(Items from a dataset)
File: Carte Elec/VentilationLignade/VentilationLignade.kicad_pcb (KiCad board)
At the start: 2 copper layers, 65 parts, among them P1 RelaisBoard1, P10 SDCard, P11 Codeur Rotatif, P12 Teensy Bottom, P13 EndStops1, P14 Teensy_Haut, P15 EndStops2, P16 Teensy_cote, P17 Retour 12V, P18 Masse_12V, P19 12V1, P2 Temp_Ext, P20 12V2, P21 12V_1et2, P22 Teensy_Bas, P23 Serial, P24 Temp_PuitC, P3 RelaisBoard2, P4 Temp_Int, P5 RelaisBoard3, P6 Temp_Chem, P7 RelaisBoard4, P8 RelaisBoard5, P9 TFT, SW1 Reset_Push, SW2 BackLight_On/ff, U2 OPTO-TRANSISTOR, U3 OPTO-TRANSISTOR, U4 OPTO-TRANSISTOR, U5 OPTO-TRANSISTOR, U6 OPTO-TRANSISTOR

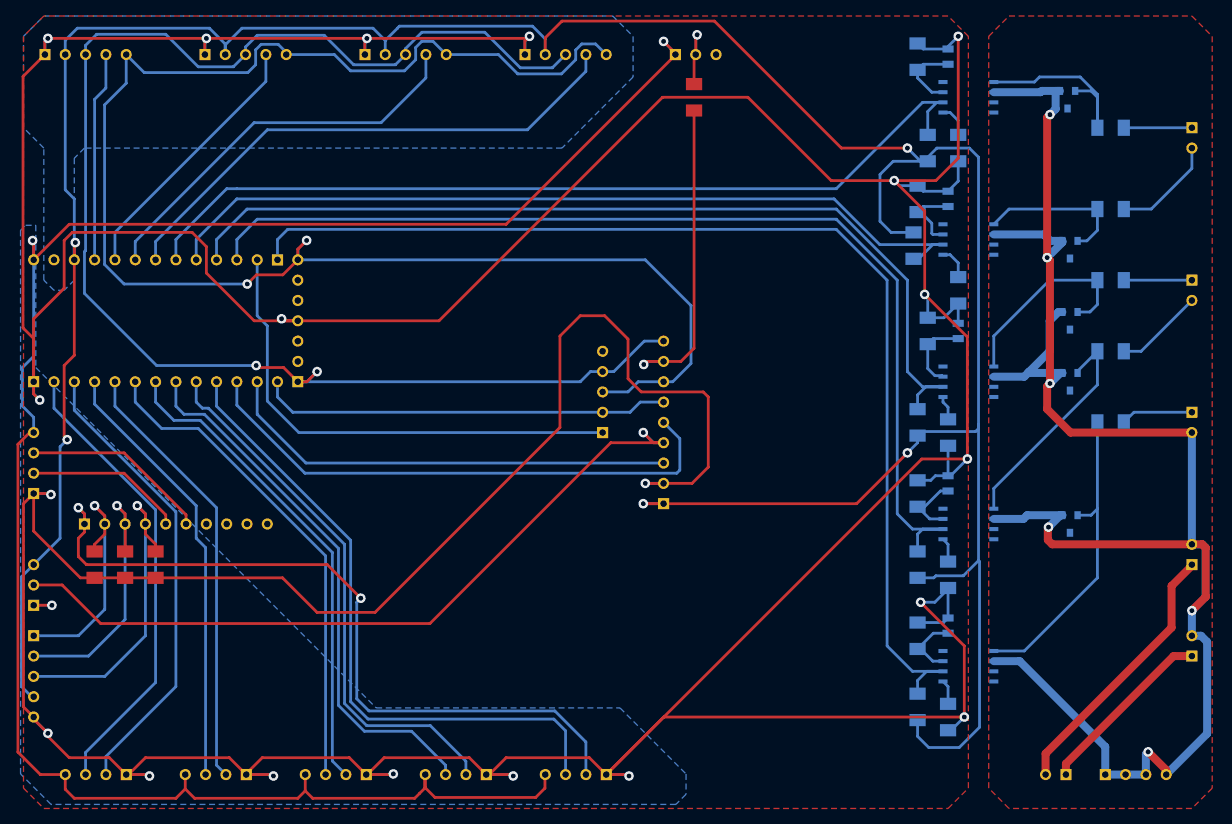
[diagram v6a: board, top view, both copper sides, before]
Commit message: Agrandissement des pads de connecteur, pour pouvoir percer et souder sans soucis.
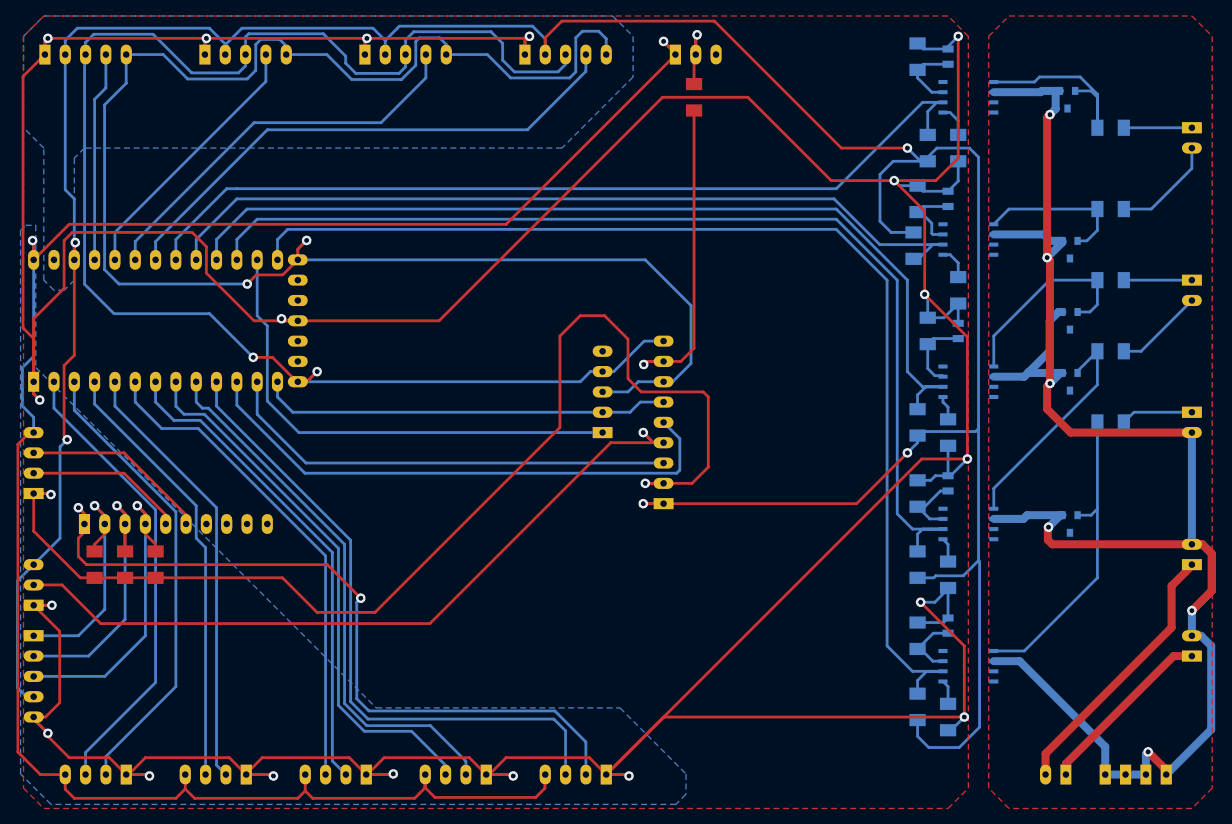
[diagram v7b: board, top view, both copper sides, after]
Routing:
- net GND: track 815.9 -> 804.5 mm
- net SPI_SCK: track 202.8 -> 213.1 mm
- net SPI_MISO: track 186.6 -> 193.9 mm
- net GNDPWR: track 224.3 -> 226.0 mm
- net +3.3V: track 385.1 -> 385.9 mm

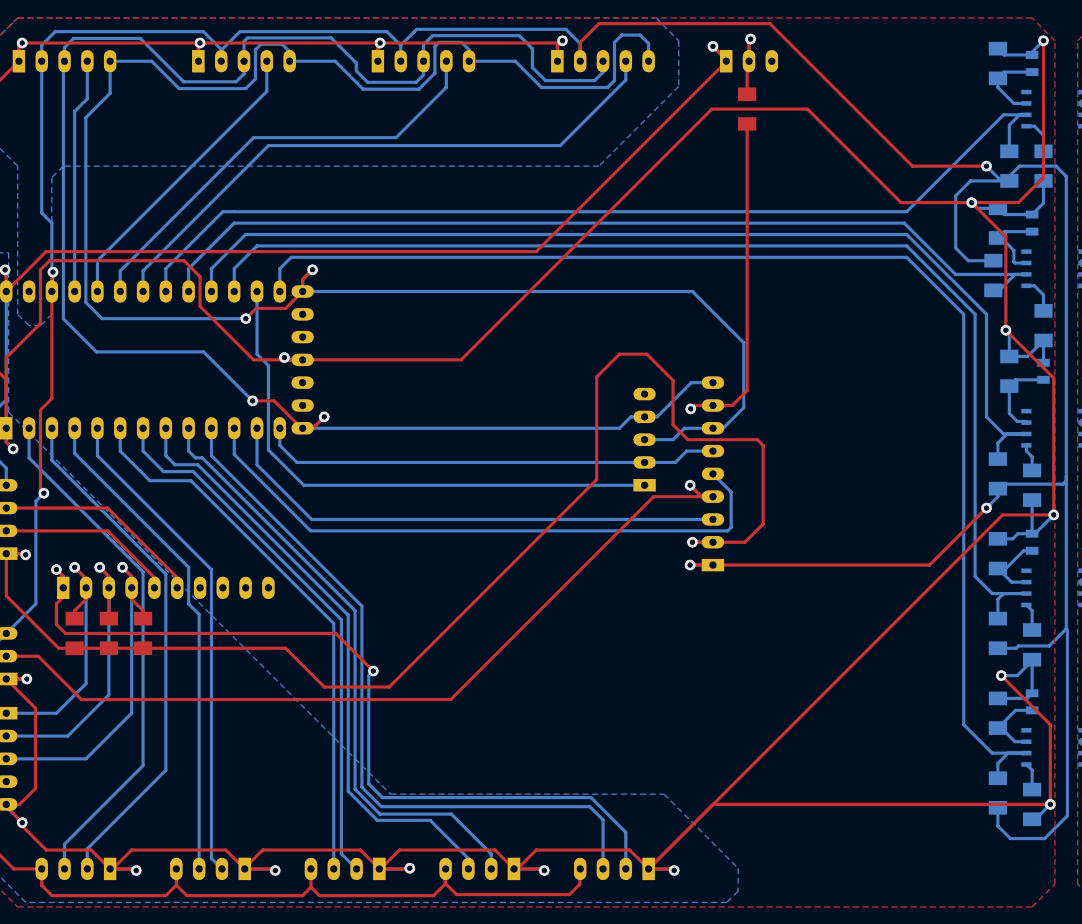
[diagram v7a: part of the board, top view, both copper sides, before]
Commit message: Eloignement des pistes proches
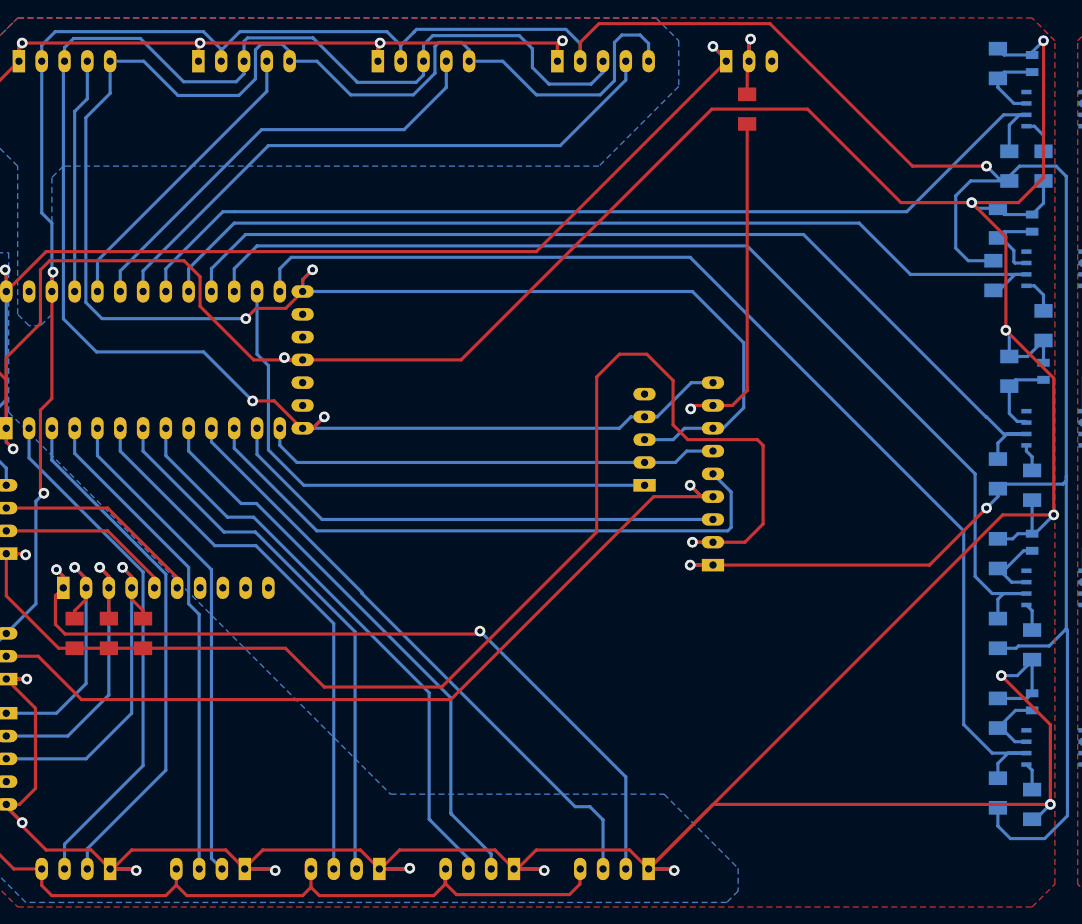
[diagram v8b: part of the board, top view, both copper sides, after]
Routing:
- net 12V_CHECK: track 141.2 -> 127.1 mm
- net 12V2_ON: track 80.8 -> 68.1 mm
- net ENDSTOP_2_2: track 130.6 -> 120.2 mm
- net ENDSTOP_2_1: track 116.2 -> 109.6 mm
- net SELECT_VMC: track 68.2 -> 64.1 mm
- net SELECT_12V: track 94.3 -> 90.2 mm
- net GND: track 804.5 -> 807.9 mm
- net 12V1_ON: track 68.0 -> 64.8 mm
- net SPI_SCK: track 213.1 -> 215.0 mm
- net TFT_CS: track 57.4 -> 56.7 mm

PROBLEM DESCRIPTION: Search each line of the data above for "view", and copy the lines where it occurs.

ANSWER TO THIS TASK:
[diagram v6a: board, top view, both copper sides, before]
[diagram v7b: board, top view, both copper sides, after]
[diagram v7a: part of the board, top view, both copper sides, before]
[diagram v8b: part of the board, top view, both copper sides, after]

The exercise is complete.